● **Your goal**
Filter the records below and copy every line containing the word "FABLAB".

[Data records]
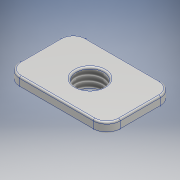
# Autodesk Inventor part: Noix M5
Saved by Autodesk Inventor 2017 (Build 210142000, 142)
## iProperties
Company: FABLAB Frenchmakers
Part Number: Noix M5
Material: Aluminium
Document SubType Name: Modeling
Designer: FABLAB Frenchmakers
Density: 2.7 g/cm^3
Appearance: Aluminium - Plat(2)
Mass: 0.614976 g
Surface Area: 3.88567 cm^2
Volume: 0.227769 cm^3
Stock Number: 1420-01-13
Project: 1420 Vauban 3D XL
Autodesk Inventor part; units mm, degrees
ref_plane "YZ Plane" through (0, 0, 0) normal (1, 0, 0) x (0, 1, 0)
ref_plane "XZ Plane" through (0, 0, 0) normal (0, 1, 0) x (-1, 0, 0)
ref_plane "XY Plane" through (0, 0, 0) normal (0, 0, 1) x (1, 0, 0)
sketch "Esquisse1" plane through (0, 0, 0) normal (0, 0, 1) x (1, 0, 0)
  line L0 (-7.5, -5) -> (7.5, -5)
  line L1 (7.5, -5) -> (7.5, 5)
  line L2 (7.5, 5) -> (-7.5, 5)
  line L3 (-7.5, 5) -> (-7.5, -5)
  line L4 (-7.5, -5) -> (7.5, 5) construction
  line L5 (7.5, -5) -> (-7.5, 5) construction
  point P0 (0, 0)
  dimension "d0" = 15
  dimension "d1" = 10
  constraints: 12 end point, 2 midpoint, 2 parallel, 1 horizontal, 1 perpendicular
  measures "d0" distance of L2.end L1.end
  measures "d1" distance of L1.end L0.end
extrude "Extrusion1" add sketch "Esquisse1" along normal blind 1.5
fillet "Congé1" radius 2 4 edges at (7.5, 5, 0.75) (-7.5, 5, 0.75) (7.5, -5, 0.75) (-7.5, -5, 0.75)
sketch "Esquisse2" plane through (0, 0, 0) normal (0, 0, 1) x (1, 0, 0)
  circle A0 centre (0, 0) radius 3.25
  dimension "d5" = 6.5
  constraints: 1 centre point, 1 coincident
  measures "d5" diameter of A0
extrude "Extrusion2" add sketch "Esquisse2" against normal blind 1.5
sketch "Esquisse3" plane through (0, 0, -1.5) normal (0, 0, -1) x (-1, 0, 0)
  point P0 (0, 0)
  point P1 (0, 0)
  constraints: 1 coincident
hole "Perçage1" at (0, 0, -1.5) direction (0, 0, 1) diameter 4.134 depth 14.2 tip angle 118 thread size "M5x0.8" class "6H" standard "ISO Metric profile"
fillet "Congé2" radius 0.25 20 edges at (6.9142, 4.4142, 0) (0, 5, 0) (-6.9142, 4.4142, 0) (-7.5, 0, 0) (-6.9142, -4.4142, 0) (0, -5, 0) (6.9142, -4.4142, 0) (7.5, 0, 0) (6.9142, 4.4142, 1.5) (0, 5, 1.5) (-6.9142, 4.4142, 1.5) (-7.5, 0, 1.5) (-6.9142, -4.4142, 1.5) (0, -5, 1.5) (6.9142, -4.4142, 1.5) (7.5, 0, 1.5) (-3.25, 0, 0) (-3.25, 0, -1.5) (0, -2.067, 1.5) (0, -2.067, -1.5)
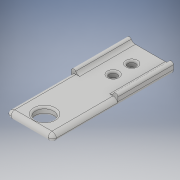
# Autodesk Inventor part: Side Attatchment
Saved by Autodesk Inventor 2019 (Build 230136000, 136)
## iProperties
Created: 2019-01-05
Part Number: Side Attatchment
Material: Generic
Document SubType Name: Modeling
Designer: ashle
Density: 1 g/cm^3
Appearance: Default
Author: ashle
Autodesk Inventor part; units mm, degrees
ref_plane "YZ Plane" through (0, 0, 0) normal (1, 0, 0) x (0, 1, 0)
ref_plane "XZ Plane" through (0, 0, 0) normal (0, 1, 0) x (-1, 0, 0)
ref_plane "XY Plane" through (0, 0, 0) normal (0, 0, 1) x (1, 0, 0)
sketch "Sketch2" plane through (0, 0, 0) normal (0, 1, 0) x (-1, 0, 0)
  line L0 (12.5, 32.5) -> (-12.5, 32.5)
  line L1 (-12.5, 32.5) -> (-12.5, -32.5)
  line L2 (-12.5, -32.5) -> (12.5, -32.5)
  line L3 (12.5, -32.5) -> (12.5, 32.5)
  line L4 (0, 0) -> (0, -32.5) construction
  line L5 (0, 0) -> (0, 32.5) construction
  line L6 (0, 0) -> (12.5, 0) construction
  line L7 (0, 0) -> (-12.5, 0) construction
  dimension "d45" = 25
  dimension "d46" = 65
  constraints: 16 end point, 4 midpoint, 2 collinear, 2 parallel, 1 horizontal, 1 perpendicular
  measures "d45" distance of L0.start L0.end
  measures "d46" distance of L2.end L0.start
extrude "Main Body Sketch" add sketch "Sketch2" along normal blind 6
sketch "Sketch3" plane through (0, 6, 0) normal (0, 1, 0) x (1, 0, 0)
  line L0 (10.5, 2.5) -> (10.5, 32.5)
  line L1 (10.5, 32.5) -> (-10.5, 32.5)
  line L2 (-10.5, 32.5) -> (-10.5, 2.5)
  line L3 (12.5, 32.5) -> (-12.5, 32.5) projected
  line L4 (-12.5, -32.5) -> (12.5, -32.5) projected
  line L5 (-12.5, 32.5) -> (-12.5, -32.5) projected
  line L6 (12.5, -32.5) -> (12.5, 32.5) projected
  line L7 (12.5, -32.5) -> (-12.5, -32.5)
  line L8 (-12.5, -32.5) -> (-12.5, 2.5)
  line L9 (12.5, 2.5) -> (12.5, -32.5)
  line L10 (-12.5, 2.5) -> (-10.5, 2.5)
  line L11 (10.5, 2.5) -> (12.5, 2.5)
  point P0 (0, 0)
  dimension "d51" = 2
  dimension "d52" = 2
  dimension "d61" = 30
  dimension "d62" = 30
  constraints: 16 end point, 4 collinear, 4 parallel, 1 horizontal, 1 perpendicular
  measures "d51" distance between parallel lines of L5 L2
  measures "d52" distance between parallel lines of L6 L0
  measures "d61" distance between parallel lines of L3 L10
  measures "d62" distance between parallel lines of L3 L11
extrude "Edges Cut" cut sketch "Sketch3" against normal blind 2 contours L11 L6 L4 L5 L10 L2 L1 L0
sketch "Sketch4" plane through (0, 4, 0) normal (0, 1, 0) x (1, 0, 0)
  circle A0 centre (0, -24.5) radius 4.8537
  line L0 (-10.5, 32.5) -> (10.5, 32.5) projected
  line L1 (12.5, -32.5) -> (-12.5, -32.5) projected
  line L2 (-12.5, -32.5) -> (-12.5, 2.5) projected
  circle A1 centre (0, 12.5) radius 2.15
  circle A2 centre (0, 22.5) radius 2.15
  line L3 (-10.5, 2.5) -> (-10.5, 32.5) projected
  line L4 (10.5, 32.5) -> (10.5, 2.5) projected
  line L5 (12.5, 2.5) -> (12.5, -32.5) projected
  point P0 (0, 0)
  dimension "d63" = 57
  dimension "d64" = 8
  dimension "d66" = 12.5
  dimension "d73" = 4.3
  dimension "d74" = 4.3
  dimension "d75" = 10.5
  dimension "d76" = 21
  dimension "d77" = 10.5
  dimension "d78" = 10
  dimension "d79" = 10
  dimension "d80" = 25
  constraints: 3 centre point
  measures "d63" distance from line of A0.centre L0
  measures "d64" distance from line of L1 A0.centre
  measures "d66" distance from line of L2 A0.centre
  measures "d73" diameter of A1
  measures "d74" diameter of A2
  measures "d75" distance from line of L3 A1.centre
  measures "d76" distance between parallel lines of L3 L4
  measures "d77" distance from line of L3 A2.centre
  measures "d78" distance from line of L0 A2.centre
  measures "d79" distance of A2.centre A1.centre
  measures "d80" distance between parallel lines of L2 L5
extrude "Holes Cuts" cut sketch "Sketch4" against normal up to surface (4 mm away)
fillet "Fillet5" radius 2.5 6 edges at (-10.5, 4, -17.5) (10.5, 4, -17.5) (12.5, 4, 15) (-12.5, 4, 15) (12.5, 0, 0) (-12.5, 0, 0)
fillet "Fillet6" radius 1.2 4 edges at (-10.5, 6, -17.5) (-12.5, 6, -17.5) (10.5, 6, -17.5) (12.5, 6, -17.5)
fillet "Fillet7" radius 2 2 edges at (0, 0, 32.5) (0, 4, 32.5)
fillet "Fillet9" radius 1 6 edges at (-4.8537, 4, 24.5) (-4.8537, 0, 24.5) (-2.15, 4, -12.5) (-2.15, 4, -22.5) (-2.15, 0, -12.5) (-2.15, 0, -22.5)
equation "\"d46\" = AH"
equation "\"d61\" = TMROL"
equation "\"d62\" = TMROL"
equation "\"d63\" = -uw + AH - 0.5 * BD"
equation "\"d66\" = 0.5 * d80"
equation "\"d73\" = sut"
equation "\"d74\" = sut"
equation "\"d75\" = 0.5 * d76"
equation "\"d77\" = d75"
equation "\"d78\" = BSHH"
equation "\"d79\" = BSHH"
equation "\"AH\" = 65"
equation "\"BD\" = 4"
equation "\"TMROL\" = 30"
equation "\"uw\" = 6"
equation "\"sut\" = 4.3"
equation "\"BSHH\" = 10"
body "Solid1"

● **Task response**
Company: FABLAB Frenchmakers
Designer: FABLAB Frenchmakers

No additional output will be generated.